[WORK TO BE COMPLETED] Starting at the line with "K_c/1 -> Sum1/1, K_i/1", retype every line through the end of the listing exactly as written, and nothing before it.

[TASK DATA]
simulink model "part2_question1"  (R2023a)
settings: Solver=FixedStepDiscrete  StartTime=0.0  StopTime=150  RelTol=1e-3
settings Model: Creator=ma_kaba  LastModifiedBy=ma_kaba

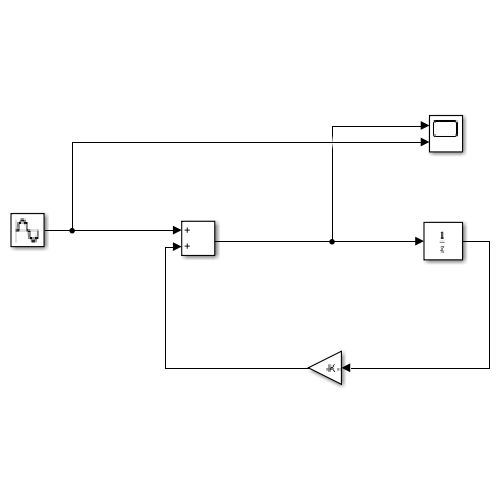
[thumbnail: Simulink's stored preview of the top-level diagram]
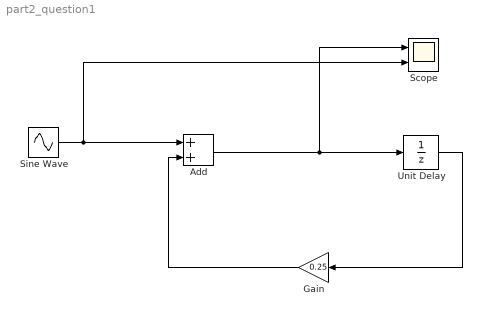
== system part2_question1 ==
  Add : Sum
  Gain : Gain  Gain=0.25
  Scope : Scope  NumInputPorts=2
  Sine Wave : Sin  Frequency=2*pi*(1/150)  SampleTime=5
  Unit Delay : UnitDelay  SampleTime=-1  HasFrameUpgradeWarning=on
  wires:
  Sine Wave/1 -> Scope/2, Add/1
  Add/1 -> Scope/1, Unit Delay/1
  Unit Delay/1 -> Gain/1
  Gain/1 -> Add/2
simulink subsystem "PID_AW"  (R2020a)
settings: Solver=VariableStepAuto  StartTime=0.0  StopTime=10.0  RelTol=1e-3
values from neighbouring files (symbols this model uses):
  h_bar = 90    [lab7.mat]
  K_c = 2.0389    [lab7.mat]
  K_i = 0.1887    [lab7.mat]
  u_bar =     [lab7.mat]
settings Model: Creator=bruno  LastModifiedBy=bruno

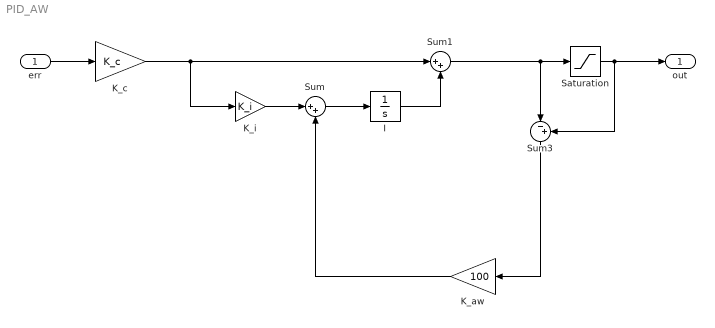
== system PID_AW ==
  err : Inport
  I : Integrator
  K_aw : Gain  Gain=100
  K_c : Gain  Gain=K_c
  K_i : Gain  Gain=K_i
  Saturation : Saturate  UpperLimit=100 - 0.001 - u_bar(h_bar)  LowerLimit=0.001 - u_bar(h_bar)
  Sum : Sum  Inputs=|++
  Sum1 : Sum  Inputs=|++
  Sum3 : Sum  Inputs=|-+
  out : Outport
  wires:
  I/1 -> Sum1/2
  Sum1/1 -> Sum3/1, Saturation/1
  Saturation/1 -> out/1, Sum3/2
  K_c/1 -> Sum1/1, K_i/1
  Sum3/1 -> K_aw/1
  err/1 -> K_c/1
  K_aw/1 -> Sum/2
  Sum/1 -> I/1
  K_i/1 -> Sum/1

[EXERCISE RESPONSE]
  K_c/1 -> Sum1/1, K_i/1
  Sum3/1 -> K_aw/1
  err/1 -> K_c/1
  K_aw/1 -> Sum/2
  Sum/1 -> I/1
  K_i/1 -> Sum/1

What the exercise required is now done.